Chief of Staff Orlev and Minister of Foreign Affairs Hedrov remained behind; Orlev didn’t even try to suggest to Hedrov that he and the president be allowed to talk privately. “Sir, my impression, one that I share, is that the staff is confused about your intentions,” Orlev said pointedly. “Half of them see you surrendering power to the Americans; the others think you are ready to start a war with them.”

“Good…that’s good,” Zevitin said, taking a deep drag of his cigarette, then exhaling noisily. “If my advisers leave my office guessing — especially in opposite directions — they don’t have an opportunity to formulate a counterstrategy. Besides, if they’re confused, the Americans certainly should be as well.” Orlev looked worried. “Peter, we can’t yet beat the Americans in a military confrontation — we’d bankrupt this country trying. But we have lots of opportunities to stand in opposition to them and deny them a victory. Gardner is the weak link. He needs to be niggled. Irritate him enough and he’ll turn on even his most trusted advisers and loyal countrymen.” Zevitin thought for a moment, then added, “He needs to be irritated right now. The attack on our fighter…he needs to know how angry we are that they downed our fighter with a low-yield nuclear device.”

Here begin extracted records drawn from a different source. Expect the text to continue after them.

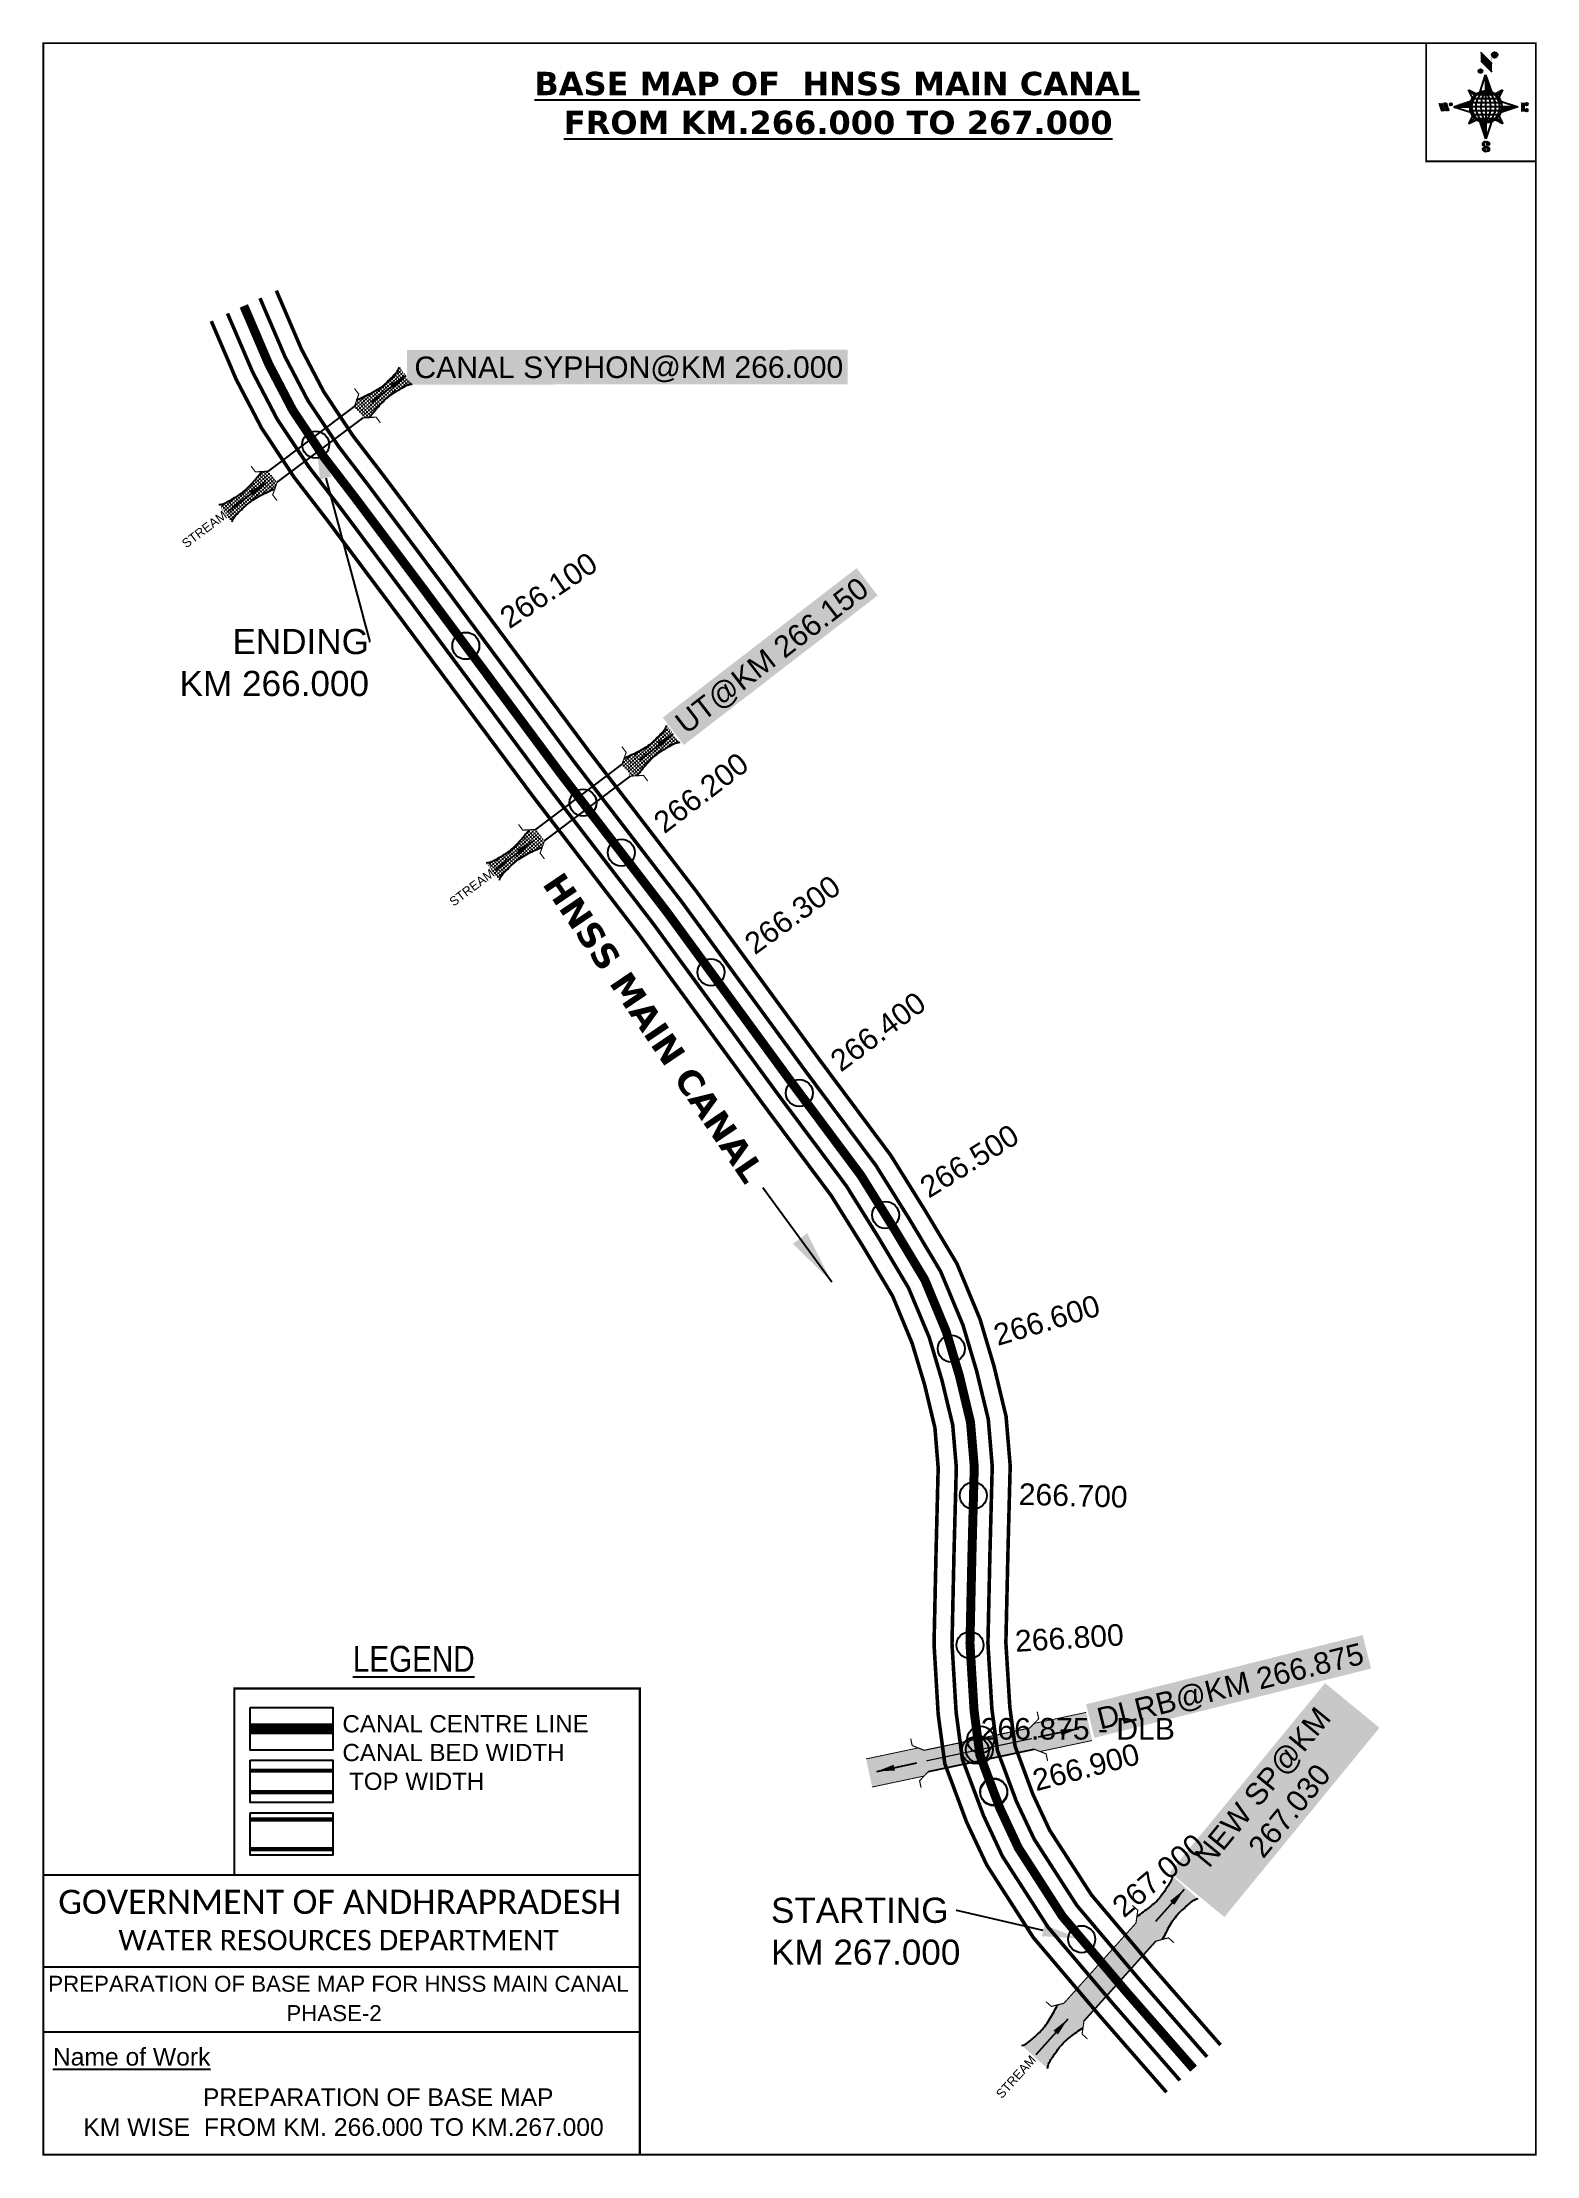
# Model space of a CAD drawing. Header units: inches. Extents: x 761904 to 762737, y 1602237 to 1603414.
import ezdxf
from ezdxf import colors
from ezdxf.entities.mleader import LeaderData, LeaderLine
from ezdxf.enums import TextEntityAlignment as Align
from ezdxf.math import Vec2, Vec3

# ---------------------------------------------------------------- set-up
doc = ezdxf.new("R2010")
doc.units = ezdxf.units.IN
doc.header["$LTSCALE"] = 15
doc.header["$MEASUREMENT"] = 0
doc.header["$PDMODE"] = 32
doc.header["$PDSIZE"] = 15
doc.linetypes.add('ACAD_ISO02W100', pattern=[15, 12, -3])
doc.linetypes.add('HIDDEN2', pattern=[0.1875, 0.125, -0.0625])
for name, color, linetype in [('AQUADUCT', 1, 'Continuous'), ('bord', 1, 'Continuous'), ('CANAL1', 7, 'Continuous'), ('CSMark', 72, 'Continuous'), ('DCBMS', 232, 'Continuous'), ('PAGE', 7, 'Continuous'), ('STRUCTURE', 5, 'Continuous'), ('TEXT', 6, 'Continuous')]:
    doc.layers.add(name, color=color, linetype=linetype)
doc.styles.add('ARIALN', font='ARIALN.TTF')
doc.styles.get("Standard").update_dxf_attribs({"font": 'arial.ttf'})
doc.dimstyles.get("Standard").update_dxf_attribs({"dimtxt": 20, "dimasz": 0.18, "dimexe": 0.18, "dimexo": 0.0625, "dimgap": 0.09, "dimtad": 0, "dimtih": 1, "dimtoh": 1, "dimdec": 4, "dimzin": 0, "dimdsep": 46, "dimtxsty": 'Standard', "dimcen": 0.09, "dimadec": 0, "dimazin": 0, "dimtfac": 1, "dimtdec": 4, "dimtofl": 0, "dimtmove": 0, "dimatfit": 3, "dimfxl": 1, "dimtolj": 1, "dimtzin": 0, "dimarcsym": 0})
pattern_1 = [(267.297113149, (-8720374.938, 50637915.138), (10.5367255337, -0.497431438), [])]
pattern_2 = [(357.297113149, (-8720374.938, 50637915.138), (0.497431438, 10.5367255337), [])]

# ---------------------------------------------------------------- blocks, each defined once
blk = doc.blocks.new('*X26')
at = {"color": 0, "linetype": 'Continuous'}
for p, q in [((6321.6, 240.5), (6322.3, 241.2)), ((6321.6, 240.3), (6322.3, 241)), ((6321.6, 240.1), (6322.3, 240.8)), ((6321.6, 239.9), (6322.4, 240.7)), ((6321.6, 239.8), (6322.4, 240.6)), ((6321.6, 239.6), (6322.5, 240.5)), ((6321.6, 239.4), (6322.5, 240.3)), ((6321.6, 239.2), (6322.6, 240.2)), ((6321.7, 239.1), (6322.6, 240.1)), ((6321.8, 240.8), (6322.4, 241.4)), ((6321.8, 239), (6322.7, 240)), ((6321.8, 239), (6322.8, 239.9)), ((6321.9, 238.9), (6322.9, 239.8)), ((6322, 238.8), (6323, 239.7)), ((6322.1, 241.3), (6322.4, 241.6)), ((6322.1, 238.7), (6323.1, 239.6)), ((6322.2, 238.6), (6323.1, 239.6)), ((6322.3, 238.5), (6323.2, 239.5)), ((6322.4, 238.5), (6323.3, 239.4)), ((6322.5, 238.4), (6323.4, 239.3)), ((6322.7, 238.4), (6323.6, 239.3)), ((6322.8, 238.3), (6323.7, 239.2)), ((6322.9, 238.3), (6323.8, 239.1)), ((6323.1, 238.2), (6323.9, 239.1)), ((6323.2, 238.2), (6324, 239)), ((6323.3, 238.2), (6324.2, 239)), ((6323.5, 238.1), (6324.3, 238.9)), ((6323.7, 238.1), (6324.4, 238.9)), ((6323.8, 238.1), (6324.6, 238.8)), ((6324.1, 238.2), (6324.7, 238.8)), ((6324.3, 238.3), (6324.9, 238.8)), ((6324.6, 238.3), (6325.1, 238.8)), ((6324.8, 238.4), (6325.2, 238.8)), ((6325.1, 238.5), (6325.4, 238.8)), ((6325.4, 238.6), (6325.6, 238.8))]:
    blk.add_line(p, q, dxfattribs=at)
blk = doc.blocks.new('*X25')
at = {"color": 0, "linetype": 'Continuous'}
for p, q in [((6324.4, 240.3), (6324.5, 240.4)), ((6324.6, 240.3), (6324.8, 240.5)), ((6324.7, 240.2), (6325, 240.5)), ((6324.8, 240.2), (6325.2, 240.6)), ((6325, 240.1), (6325.5, 240.6)), ((6325.1, 240.1), (6325.6, 240.6)), ((6325.2, 240), (6325.8, 240.6)), ((6325.3, 240), (6326, 240.6)), ((6325.4, 239.9), (6326.1, 240.6)), ((6325.5, 239.8), (6326.2, 240.5)), ((6325.6, 239.8), (6326.3, 240.5)), ((6325.7, 239.7), (6326.5, 240.4)), ((6325.9, 239.6), (6326.6, 240.3)), ((6326, 239.5), (6326.7, 240.3)), ((6326, 239.4), (6326.8, 240.2)), ((6326.1, 239.3), (6327, 240.2)), ((6326.2, 239.3), (6327.1, 240.1)), ((6326.3, 239.2), (6327.1, 240)), ((6326.4, 239.1), (6327.2, 239.9)), ((6326.5, 239), (6327.3, 239.8)), ((6326.5, 238.9), (6327.4, 239.7)), ((6326.6, 238.8), (6327.5, 239.6)), ((6326.7, 238.7), (6327.5, 239.5)), ((6326.8, 238.6), (6327.6, 239.4)), ((6326.8, 238.5), (6327.7, 239.3)), ((6326.8, 236.5), (6327.4, 237)), ((6326.9, 238.3), (6327.8, 239.2)), ((6326.9, 238.2), (6327.9, 239.1)), ((6326.9, 236.8), (6327.6, 237.4)), ((6327, 238.1), (6327.8, 239)), ((6327, 237.9), (6327.8, 238.8)), ((6327, 237.8), (6327.8, 238.6)), ((6327, 237.6), (6327.8, 238.4)), ((6327, 237.4), (6327.8, 238.2)), ((6327, 237.3), (6327.8, 238)), ((6327, 237.1), (6327.8, 237.9))]:
    blk.add_line(p, q, dxfattribs=at)
blk = doc.blocks.new('H')
at = {"layer": 'bord', "extrusion": (0.000427885, 0.004792, 0.999988)}
h = blk.add_hatch(dxfattribs=at)
h.set_pattern_fill('LINE', color=8, scale=84.387686, angle=-2.7029, style=0)
h.set_pattern_definition(pattern_2)
h.paths.add_polyline_path([(-492, 786, -0.090992), (-448, 775), (-486, 912)])
h = blk.add_hatch(dxfattribs=at)
h.set_pattern_fill('LINE', color=8, scale=84.387686, angle=-92.7029, style=0)
h.set_pattern_definition(pattern_1)
h.paths.add_polyline_path([(-625, 665, -0.090992), (-615, 710), (-751, 671)])
h = blk.add_hatch(dxfattribs=at)
h.set_pattern_fill('LINE', color=8, scale=84.387686, angle=-2.7029, style=0)
h.set_pattern_definition(pattern_2)
h.paths.add_polyline_path([(-504, 533, -0.090992), (-549, 543), (-510, 406)])
h = blk.add_hatch(dxfattribs=at)
h.set_pattern_fill('LINE', color=8, scale=84.387686, angle=-92.7029, style=0)
h.set_pattern_definition(pattern_1)
h.paths.add_polyline_path([(-246, 647), (-372, 653, -0.090992), (-382, 609)])
for p, q in [((-519, 1020, -1217), (-435, 927, -1216)), ((-516, 1087, -1217), (-432, 994, -1217)), ((-538, 774, -1216), (-487, 906, -1216)), ((-487, 906, -1216), (-493, 780, -1216)), ((-487, 906, -1216), (-448, 769, -1216)), ((-865, 701, -1215), (-847, 638, -1215)), ((-847, 700, -1215), (-829, 637, -1215)), ((-829, 699, -1215), (-811, 636, -1215)), ((-829, 699, -1215), (-811, 698, -1215)), ((-811, 698, -1215), (-794, 635, -1215)), ((-752, 665, -1215), (-615, 704, -1215)), ((-627, 794, -1216), (-567, 760, -1216)), ((-627, 794, -1216), (-584, 747, -1215)), ((-599, 731, -1215), (-627, 794, -1216)), ((-421, 753, -1216), (-359, 781, -1216)), ((-359, 781, -1216), (-405, 739, -1216)), ((-359, 781, -1216), (-392, 721, -1215)), ((-379, 693, -1215), (-246, 641, -1215)), ((-213, 669, -1215), (-217, 601, -1215)), ((-752, 665, -1215), (-625, 659, -1215)), ((-619, 614, -1215), (-752, 665, -1215)), ((-639, 526, -1214), (-606, 585, -1215)), ((-639, 526, -1214), (-593, 568, -1215)), ((-577, 553, -1215), (-639, 526, -1214)), ((-511, 400, -1214), (-549, 537, -1214)), ((-460, 533, -1215), (-511, 400, -1214)), ((-505, 527, -1214), (-511, 400, -1214)), ((-371, 513, -1214), (-431, 546, -1215)), ((-371, 513, -1214), (-414, 560, -1215)), ((-399, 576, -1215), (-371, 513, -1214)), ((-246, 641, -1215), (-383, 603, -1215)), ((-373, 647, -1215), (-246, 641, -1215)), ((-197, 600, -1215), (-194, 668, -1215))]:
    blk.add_line(p, q, dxfattribs=at)
at = {"layer": 'bord', "color": 8, "linetype": 'ByBlock', "extrusion": (0.000427885, 0.004792, 0.999988)}
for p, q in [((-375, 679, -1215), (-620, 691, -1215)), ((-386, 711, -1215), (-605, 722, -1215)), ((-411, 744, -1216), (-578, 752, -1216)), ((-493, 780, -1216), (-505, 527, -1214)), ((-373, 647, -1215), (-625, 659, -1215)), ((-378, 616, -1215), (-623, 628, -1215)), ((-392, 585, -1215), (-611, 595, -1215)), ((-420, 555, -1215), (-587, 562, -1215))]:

“But…the fighter was not downed,” Orlev reminded him, “and the general said the weapon was not a nuclear T-Ray weapon, but a—”

“For God’s sake, Peter, we’re not going to tell the Americans what we know, but what we believe,” Zevitin said, irritation in his voice but a smile on his face. “My reports state that they shot down our fighter with a T-Ray nuclear device, without provocation. That is an act of war. Get Gardner on the phone immediately.”

“Should Minister Hedrov make contact and—?”

“No, I will make the protest directly with Gardner,” Zevitin said. Orlev nodded and picked up the phone on Zevitin’s desk. “Not the regular phone, Peter. Use the ‘hot line.’ Voice and data both.” The emergency “hot line” between Washington and Moscow had been upgraded after the conflicts of 2004 to allow voice, data, and video communications between the two capitals, as well as teletype and facsimile, and also allowed for more satellite circuits that gave the leaders easier access to one another. “Minister Hedrov, you will file a formal complaint with the United Nations Security Council and the American State Department as well. And I want every media outlet on the planet given a report of the incident immediately.”

Orlev made the call to the foreign ministry first, then contacted the Kremlin signal officer to open the “hot line” for the president. “Sir, this could backfire,” Orlev warned as he waited for the connection. “Our pilot certainly initiated the attack by firing on the American bomber—”

“But only after the bomber launched their hypersonic missile,” Zevitin said. “That missile could’ve been headed anywhere. The Americans were clearly the aggressors. The pilot was fully justified in firing his missiles. It turns out he was correct, because the missile the Americans fired into Tehran carried a chemical warhead.”

“But—”

“The first reports may be proved inaccurate, Peter,” Zevitin said, “but that doesn’t mean we can’t protest this incident now. I believe Gardner will act first and then check out the facts. You wait and see.”